**WORK ORDER**: Find every line in the data that contains the word "longer". Return each of those lines.

Start of DATA EXTRACTS

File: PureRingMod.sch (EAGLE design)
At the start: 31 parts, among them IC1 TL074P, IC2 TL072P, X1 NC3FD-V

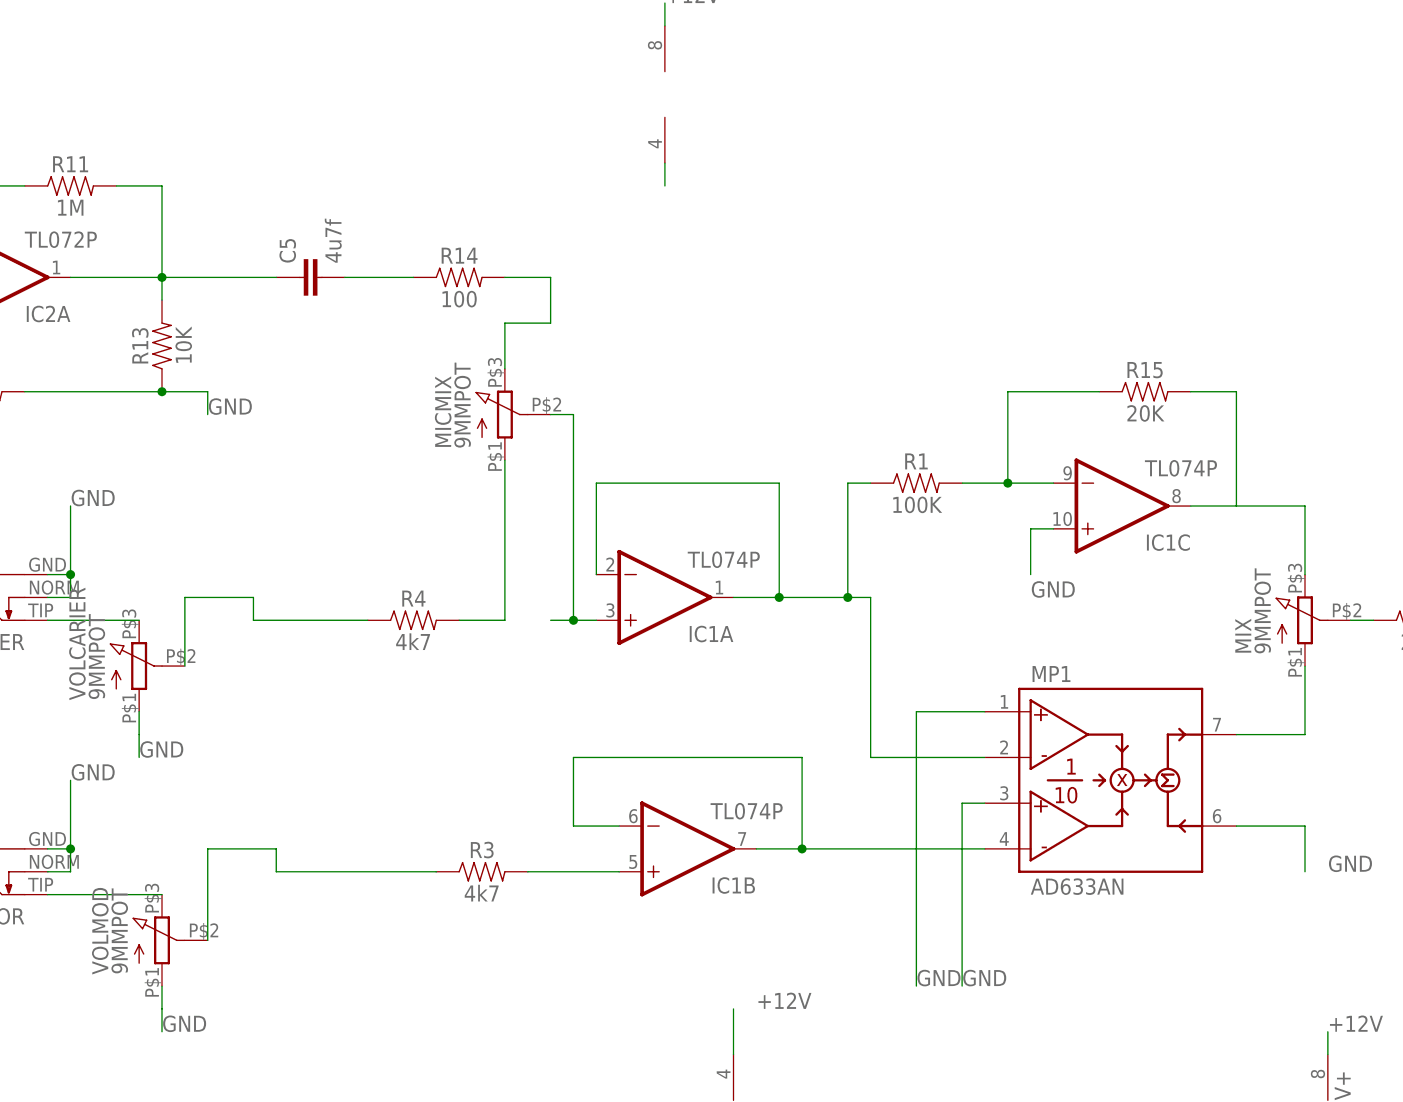
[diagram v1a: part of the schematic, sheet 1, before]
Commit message: Fixed wiring errors
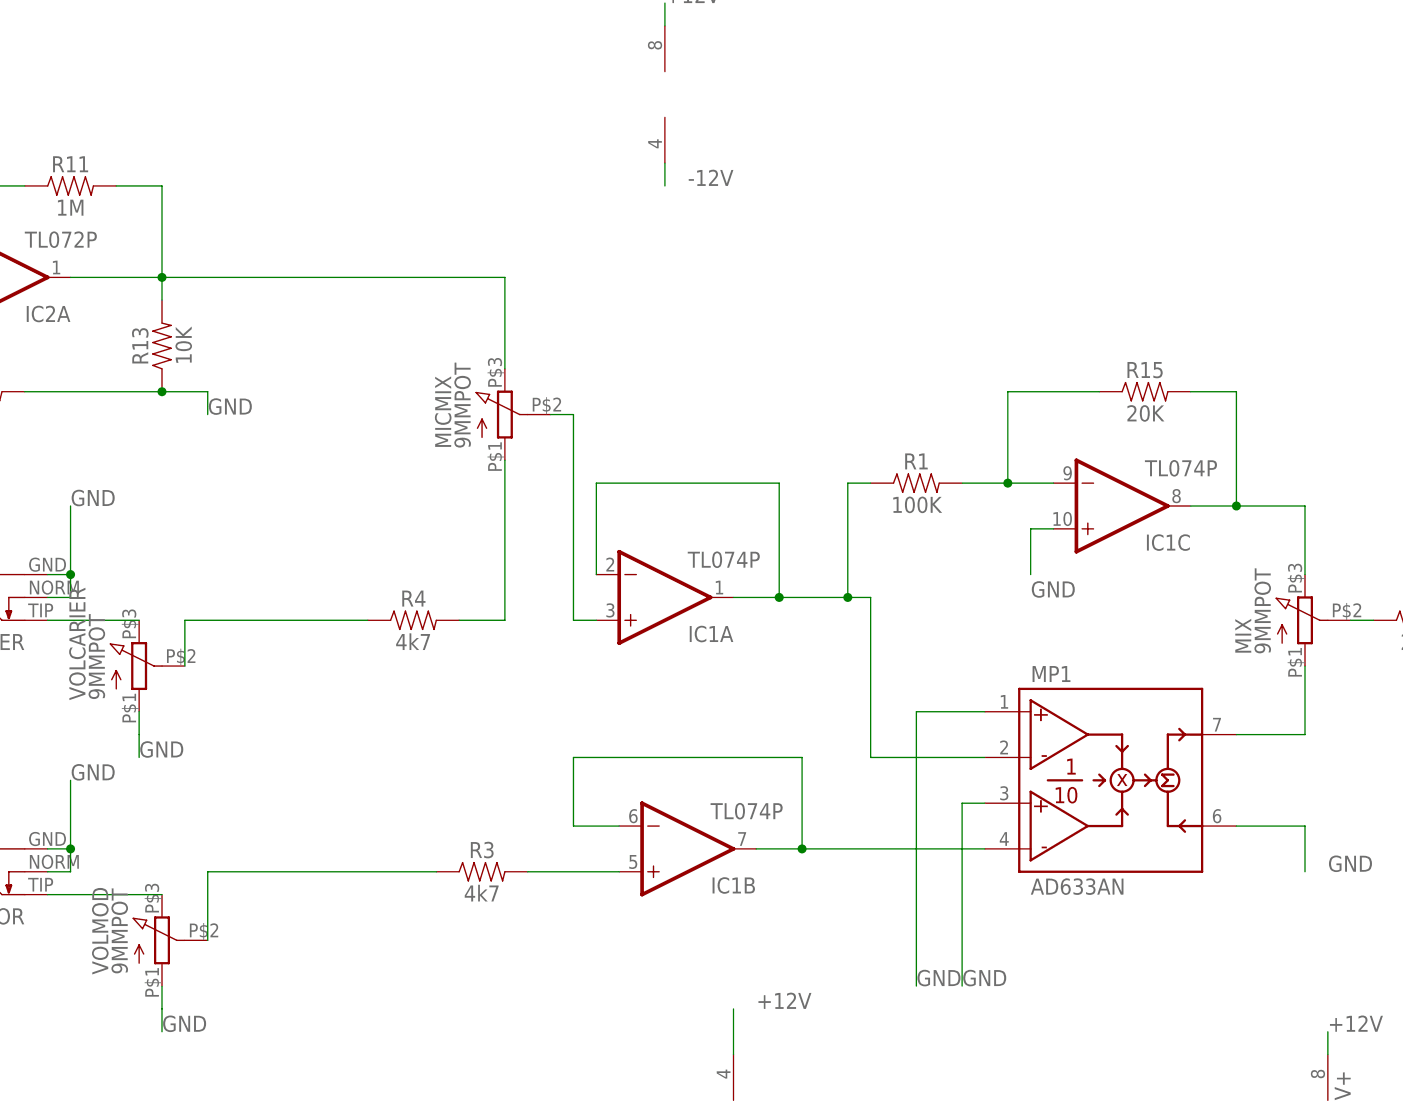
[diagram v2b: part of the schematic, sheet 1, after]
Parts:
- removed C5: 4u7f, SparkFun-Capacitors:0.1UF-KIT-EZ-50V-20%
- removed R14: 100, SparkFun-Resistors:330OHM-HORIZ-1/10W-5%
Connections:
- removed net N$26: C5.2, R14.1
- removed net N$29: MICMIX.3, R14.2
- new net N$8: MICMIX.1, R4.2
- net GND: no longer MICMIX.1, R4.2
- net N$27: now also MICMIX.3; no longer C5.1
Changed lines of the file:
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@@
 <part name="R10" library="SparkFun-Resistors" deviceset="330OHM" device="-HORIZ-1/10W-5%" value="27K"/>
 <part name="R11" library="SparkFun-Resistors" deviceset="330OHM" device="-HORIZ-1/10W-5%" value="1M"/>
-<part name="C5" library="SparkFun-Capacitors" deviceset="0.1UF" device="-KIT-EZ-50V-20%" value="4u7f"/>
 <part name="R12" library="SparkFun-Resistors" deviceset="330OHM" device="-HORIZ-1/10W-5%" value="1M"/>
 <part name="R13" library="SparkFun-Resistors" deviceset="330OHM" device="-HORIZ-1/10W-5%" value="10K"/>
-<part name="R14" library="SparkFun-Resistors" deviceset="330OHM" device="-HORIZ-1/10W-5%" value="100"/>
 <part name="MICMIX" library="GMSN" deviceset="9MMPOT" device=""/>
 <part name="R15" library="SparkFun-Resistors" deviceset="330OHM" device="-HORIZ-1/10W-5%" value="20K"/>
@@
 <attribute name="VALUE" x="-50.8" y="112.776" size="1.778" layer="96" font="vector" align="top-center"/>
 </instance>
-<instance part="C5" gate="G$1" x="-22.86" y="104.14" rot="R90">
-<attribute name="NAME" x="-25.781" y="105.664" size="1.778" layer="95" font="vector" rot="R90"/>
-<attribute name="VALUE" x="-20.701" y="105.664" size="1.778" layer="96" font="vector" rot="R90"/>
-</instance>
 <instance part="R12" gate="G$1" x="-60.96" y="91.44">
 <attribute name="NAME" x="-60.96" y="92.964" size="1.778" layer="95" font="vector" align="bottom-center"/>
@@
 <attribute name="NAME" x="-42.164" y="96.52" size="1.778" layer="95" font="vector" rot="R90" align="bottom-center"/>
 <attribute name="VALUE" x="-39.116" y="96.52" size="1.778" layer="96" font="vector" rot="R90" align="top-center"/>
-</instance>
-<instance part="R14" gate="G$1" x="-7.62" y="104.14">
-<attribute name="NAME" x="-7.62" y="105.664" size="1.778" layer="95" font="vector" align="bottom-center"/>
-<attribute name="VALUE" x="-7.62" y="102.616" size="1.778" layer="96" font="vector" align="top-center"/>
 </instance>
 <instance part="MICMIX" gate="G$1" x="-2.54" y="88.9" rot="R90">
@@
 <wire x1="-40.64" y1="91.44" x2="-55.88" y2="91.44" width="0.1524" layer="91"/>
 </segment>
-<segment>
-<pinref part="MICMIX" gate="G$1" pin="1"/>
-<pinref part="R4" gate="G$1" pin="2"/>
-<wire x1="-7.62" y1="66.04" x2="-2.54" y2="66.04" width="0.1524" layer="91"/>
-<wire x1="-2.54" y1="66.04" x2="-2.54" y2="83.82" width="0.1524" layer="91"/>
-</segment>
 </net>
 <net name="-12V" class="2">
@@
 <pinref part="IC2" gate="P" pin="V-"/>
 <wire x1="15.24" y1="116.84" x2="15.24" y2="114.3" width="0.1524" layer="91"/>
+<label x="17.78" y="114.3" size="1.778" layer="95"/>
 </segment>
 </net>
@@
 <wire x1="78.74" y1="91.44" x2="73.66" y2="91.44" width="0.1524" layer="91"/>
 <pinref part="R15" gate="G$1" pin="2"/>
+<junction x="78.74" y="78.74"/>
 </segment>
 </net>
@@
 <net name="N$18" class="0">
 <segment>
+<pinref part="R4" gate="G$1" pin="1"/>
+<wire x1="-38.1" y1="66.04" x2="-17.78" y2="66.04" width="0.1524" layer="91"/>
 <pinref part="VOLCARIER" gate="G$1" pin="2"/>
-<wire x1="-38.1" y1="60.96" x2="-38.1" y2="68.58" width="0.1524" layer="91"/>
-<wire x1="-38.1" y1="68.58" x2="-30.48" y2="68.58" width="0.1524" layer="91"/>
-<wire x1="-30.48" y1="68.58" x2="-30.48" y2="66.04" width="0.1524" layer="91"/>
-<pinref part="R4" gate="G$1" pin="1"/>
-<wire x1="-30.48" y1="66.04" x2="-17.78" y2="66.04" width="0.1524" layer="91"/>
+<wire x1="-38.1" y1="60.96" x2="-38.1" y2="66.04" width="0.1524" layer="91"/>
 </segment>
 </net>
 <net name="N$19" class="0">
 <segment>
+<pinref part="R3" gate="G$1" pin="1"/>
+<wire x1="-35.56" y1="38.1" x2="-10.16" y2="38.1" width="0.1524" layer="91"/>
 <pinref part="VOLMOD" gate="G$1" pin="2"/>
-<wire x1="-35.56" y1="30.48" x2="-35.56" y2="40.64" width="0.1524" layer="91"/>
-<wire x1="-27.94" y1="40.64" x2="-35.56" y2="40.64" width="0.1524" layer="91"/>
-<wire x1="-27.94" y1="40.64" x2="-27.94" y2="38.1" width="0.1524" layer="91"/>
-<pinref part="R3" gate="G$1" pin="1"/>
-<wire x1="-27.94" y1="38.1" x2="-10.16" y2="38.1" width="0.1524" layer="91"/>
+<wire x1="-35.56" y1="30.48" x2="-35.56" y2="38.1" width="0.1524" layer="91"/>
 </segment>
 </net>
@@
 <wire x1="-45.72" y1="114.3" x2="-40.64" y2="114.3" width="0.1524" layer="91"/>
 <wire x1="-40.64" y1="114.3" x2="-40.64" y2="104.14" width="0.1524" layer="91"/>
-<pinref part="C5" gate="G$1" pin="1"/>
-<wire x1="-40.64" y1="104.14" x2="-27.94" y2="104.14" width="0.1524" layer="91"/>
 <junction x="-40.64" y="104.14"/>
 <pinref part="R13" gate="G$1" pin="2"/>
 <wire x1="-40.64" y1="104.14" x2="-40.64" y2="101.6" width="0.1524" layer="91"/>
-</segment>
-</net>
-<net name="N$26" class="0">
-<segment>
-<pinref part="C5" gate="G$1" pin="2"/>
-<pinref part="R14" gate="G$1" pin="1"/>
-<wire x1="-20.32" y1="104.14" x2="-12.7" y2="104.14" width="0.1524" layer="91"/>
-</segment>
-</net>
-<net name="N$29" class="0">
-<segment>
-<pinref part="R14" gate="G$1" pin="2"/>
-<wire x1="-2.54" y1="104.14" x2="2.54" y2="104.14" width="0.1524" layer="91"/>
-<wire x1="2.54" y1="104.14" x2="2.54" y2="99.06" width="0.1524" layer="91"/>
-<wire x1="2.54" y1="99.06" x2="-2.54" y2="99.06" width="0.1524" layer="91"/>
+<wire x1="-40.64" y1="104.14" x2="-2.54" y2="104.14" width="0.1524" layer="91"/>
 <pinref part="MICMIX" gate="G$1" pin="3"/>
-<wire x1="-2.54" y1="99.06" x2="-2.54" y2="93.98" width="0.1524" layer="91"/>
+<wire x1="-2.54" y1="104.14" x2="-2.54" y2="93.98" width="0.1524" layer="91"/>
 </segment>
 </net>
@@
 <pinref part="IC1" gate="A" pin="+IN"/>
 <wire x1="7.62" y1="66.04" x2="5.08" y2="66.04" width="0.1524" layer="91"/>
-<wire x1="5.08" y1="66.04" x2="2.54" y2="66.04" width="0.1524" layer="91"/>
 <wire x1="5.08" y1="88.9" x2="5.08" y2="66.04" width="0.1524" layer="91"/>
-<junction x="5.08" y="66.04"/>
-</segment>
-</net>
+</segment>
+</net>
+<net name="N$8" class="0">
+<segment>
+<pinref part="MICMIX" gate="G$1" pin="1"/>
+<wire x1="-2.54" y1="83.82" x2="-2.54" y2="66.04" width="0.1524" layer="91"/>
+<pinref part="R4" gate="G$1" pin="2"/>
+<wire x1="-2.54" y1="66.04" x2="-7.62" y2="66.04" width="0.1524" layer="91"/>
+</segment>
+</net>

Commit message: V1.0 board
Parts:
- added GAIN: 9MMPOT, GMSN:9MMPOT
- added OUTPUT2: Output2, INSTRUO:S_JACK
- added R6: 1K, SparkFun-Resistors:330OHM-HORIZ-1/10W-5%
- R16: value 100K -> 10K
- R2: value 20K -> 10K
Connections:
- new net N$20: OUTPUT2.TIP, R6.2
- new net N$5: GAIN.1, R16.1
- net GND: now also OUTPUT2.GND
- net N$12: now also R6.1
- net N$7: now also GAIN.2, GAIN.3; no longer R16.1
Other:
- moved on the sheet: R16
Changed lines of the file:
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@@
 <part name="MIX" library="GMSN" deviceset="9MMPOT" device=""/>
 <part name="R1" library="SparkFun-Resistors" deviceset="330OHM" device="-HORIZ-1/10W-5%" value="100K"/>
-<part name="R2" library="SparkFun-Resistors" deviceset="330OHM" device="-HORIZ-1/10W-5%" value="20K"/>
+<part name="R2" library="SparkFun-Resistors" deviceset="330OHM" device="-HORIZ-1/10W-5%" value="10K"/>
 <part name="C4" library="SparkFun-Capacitors" deviceset="10UF-POLAR" device="-RADIAL-2.5MM-25V-20%" value="10uF"/>
 <part name="C1" library="SparkFun-Capacitors" deviceset="10UF-POLAR" device="-RADIAL-2.5MM-25V-20%" value="10uF"/>
@@
 <part name="MICMIX" library="GMSN" deviceset="9MMPOT" device=""/>
 <part name="R15" library="SparkFun-Resistors" deviceset="330OHM" device="-HORIZ-1/10W-5%" value="20K"/>
-<part name="R16" library="SparkFun-Resistors" deviceset="330OHM" device="-HORIZ-1/10W-5%" value="100K"/>
+<part name="R16" library="SparkFun-Resistors" deviceset="330OHM" device="-HORIZ-1/10W-5%" value="10K"/>
+<part name="GAIN" library="GMSN" deviceset="9MMPOT" device=""/>
+<part name="R6" library="SparkFun-Resistors" deviceset="330OHM" device="-HORIZ-1/10W-5%" value="1K"/>
+<part name="OUTPUT2" library="INSTRUO" deviceset="S_JACK" device="" value="Output2"/>
 </parts>
 <sheets>
@@
 <attribute name="VALUE" x="68.58" y="89.916" size="1.778" layer="96" font="vector" align="top-center"/>
 </instance>
-<instance part="R16" gate="G$1" x="114.3" y="78.74">
-<attribute name="NAME" x="114.3" y="80.264" size="1.778" layer="95" font="vector" align="bottom-center"/>
-<attribute name="VALUE" x="114.3" y="77.216" size="1.778" layer="96" font="vector" align="top-center"/>
+<instance part="R16" gate="G$1" x="119.38" y="78.74">
+<attribute name="NAME" x="119.38" y="80.264" size="1.778" layer="95" font="vector" align="bottom-center"/>
+<attribute name="VALUE" x="119.38" y="77.216" size="1.778" layer="96" font="vector" align="top-center"/>
+</instance>
+<instance part="GAIN" gate="G$1" x="109.22" y="78.74" rot="R180">
+<attribute name="NAME" x="113.03" y="72.771" size="1.778" layer="95" rot="R180"/>
+<attribute name="VALUE" x="113.03" y="74.93" size="1.778" layer="96" rot="R180"/>
+</instance>
+<instance part="R6" gate="G$1" x="132.08" y="45.72">
+<attribute name="NAME" x="132.08" y="47.244" size="1.778" layer="95" font="vector" align="bottom-center"/>
+<attribute name="VALUE" x="132.08" y="44.196" size="1.778" layer="96" font="vector" align="top-center"/>
+</instance>
+<instance part="OUTPUT2" gate="G$1" x="157.48" y="45.72">
+<attribute name="NAME" x="154.94" y="49.784" size="1.778" layer="95"/>
+<attribute name="VALUE" x="154.94" y="39.624" size="1.778" layer="96"/>
 </instance>
 </instances>
@@
 <wire x1="-40.64" y1="91.44" x2="-55.88" y2="91.44" width="0.1524" layer="91"/>
 </segment>
+<segment>
+<pinref part="OUTPUT2" gate="G$1" pin="GND"/>
+<wire x1="152.4" y1="43.18" x2="149.86" y2="43.18" width="0.1524" layer="91"/>
+<wire x1="149.86" y1="43.18" x2="149.86" y2="40.64" width="0.1524" layer="91"/>
+<label x="149.86" y="38.1" size="1.778" layer="95"/>
+</segment>
 </net>
 <net name="-12V" class="2">
@@
 </segment>
 </net>
-<net name="N$5" class="0">
-<segment>
-<pinref part="R1" gate="G$1" pin="2"/>
-<pinref part="IC1" gate="C" pin="-IN"/>
-<wire x1="48.26" y1="81.28" x2="53.34" y2="81.28" width="0.1524" layer="91"/>
-<wire x1="53.34" y1="81.28" x2="58.42" y2="81.28" width="0.1524" layer="91"/>
-<wire x1="53.34" y1="91.44" x2="53.34" y2="81.28" width="0.1524" layer="91"/>
-<junction x="53.34" y="81.28"/>
-<wire x1="53.34" y1="91.44" x2="63.5" y2="91.44" width="0.1524" layer="91"/>
-<pinref part="R15" gate="G$1" pin="1"/>
-</segment>
-</net>
 <net name="N$6" class="0">
 <segment>
@@
 <wire x1="104.14" y1="66.04" x2="104.14" y2="78.74" width="0.1524" layer="91"/>
 <junction x="104.14" y="66.04"/>
-<pinref part="R16" gate="G$1" pin="1"/>
-<wire x1="104.14" y1="78.74" x2="109.22" y2="78.74" width="0.1524" layer="91"/>
+<pinref part="GAIN" gate="G$1" pin="3"/>
+<pinref part="GAIN" gate="G$1" pin="2"/>
+<wire x1="109.22" y1="83.82" x2="109.22" y2="86.36" width="0.1524" layer="91"/>
+<wire x1="109.22" y1="86.36" x2="104.14" y2="86.36" width="0.1524" layer="91"/>
+<wire x1="104.14" y1="86.36" x2="104.14" y2="78.74" width="0.1524" layer="91"/>
+<junction x="104.14" y="78.74"/>
 </segment>
 </net>
@@
 <junction x="124.46" y="63.5"/>
 <pinref part="R16" gate="G$1" pin="2"/>
-<wire x1="119.38" y1="78.74" x2="124.46" y2="78.74" width="0.1524" layer="91"/>
+<pinref part="R6" gate="G$1" pin="1"/>
+<wire x1="124.46" y1="45.72" x2="127" y2="45.72" width="0.1524" layer="91"/>
+<wire x1="124.46" y1="63.5" x2="124.46" y2="45.72" width="0.1524" layer="91"/>
 </segment>
 </net>
@@
 </segment>
 </net>
+<net name="N$14" class="0">
+<segment>
+<pinref part="IC1" gate="C" pin="-IN"/>
+<pinref part="R1" gate="G$1" pin="2"/>
+<wire x1="48.26" y1="81.28" x2="55.88" y2="81.28" width="0.1524" layer="91"/>
+<pinref part="R15" gate="G$1" pin="1"/>
+<wire x1="55.88" y1="81.28" x2="58.42" y2="81.28" width="0.1524" layer="91"/>
+<wire x1="63.5" y1="91.44" x2="55.88" y2="91.44" width="0.1524" layer="91"/>
+<wire x1="55.88" y1="91.44" x2="55.88" y2="81.28" width="0.1524" layer="91"/>
+<junction x="55.88" y="81.28"/>
+</segment>
+</net>
+<net name="N$5" class="0">
+<segment>
+<pinref part="R16" gate="G$1" pin="1"/>
+<pinref part="GAIN" gate="G$1" pin="1"/>
+</segment>
+</net>
+<net name="N$20" class="0">
+<segment>
+<pinref part="R6" gate="G$1" pin="2"/>
+<wire x1="137.16" y1="45.72" x2="139.7" y2="45.72" width="0.1524" layer="91"/>
+<wire x1="139.7" y1="45.72" x2="139.7" y2="48.26" width="0.1524" layer="91"/>
+<pinref part="OUTPUT2" gate="G$1" pin="TIP"/>
+<wire x1="139.7" y1="48.26" x2="152.4" y2="48.26" width="0.1524" layer="91"/>
+</segment>
+</net>

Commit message: updated BOM
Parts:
- D1: value (none) -> 1n4148
- D2: value (none) -> 1N4148
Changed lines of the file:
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@@
 <part name="MP1" library="ad633-2" deviceset="AD633*" device="N" technology="A"/>
 <part name="IC1" library="GMSN" deviceset="TL074" device="P"/>
-<part name="D1" library="adafruit" deviceset="DIODE" device="DO-1N4148"/>
-<part name="D2" library="adafruit" deviceset="DIODE" device="DO-1N4148"/>
+<part name="D1" library="adafruit" deviceset="DIODE" device="DO-1N4148" value="1n4148"/>
+<part name="D2" library="adafruit" deviceset="DIODE" device="DO-1N4148" value="1N4148"/>
 <part name="SUPPLY4" library="supply2" deviceset="+12V" device=""/>
 <part name="SUPPLY5" library="supply2" deviceset="-12V" device=""/>

End of DATA EXTRACTS

**TASK SOLUTION**:
- net GND: no longer MICMIX.1, R4.2
- net N$27: now also MICMIX.3; no longer C5.1
- net N$7: now also GAIN.2, GAIN.3; no longer R16.1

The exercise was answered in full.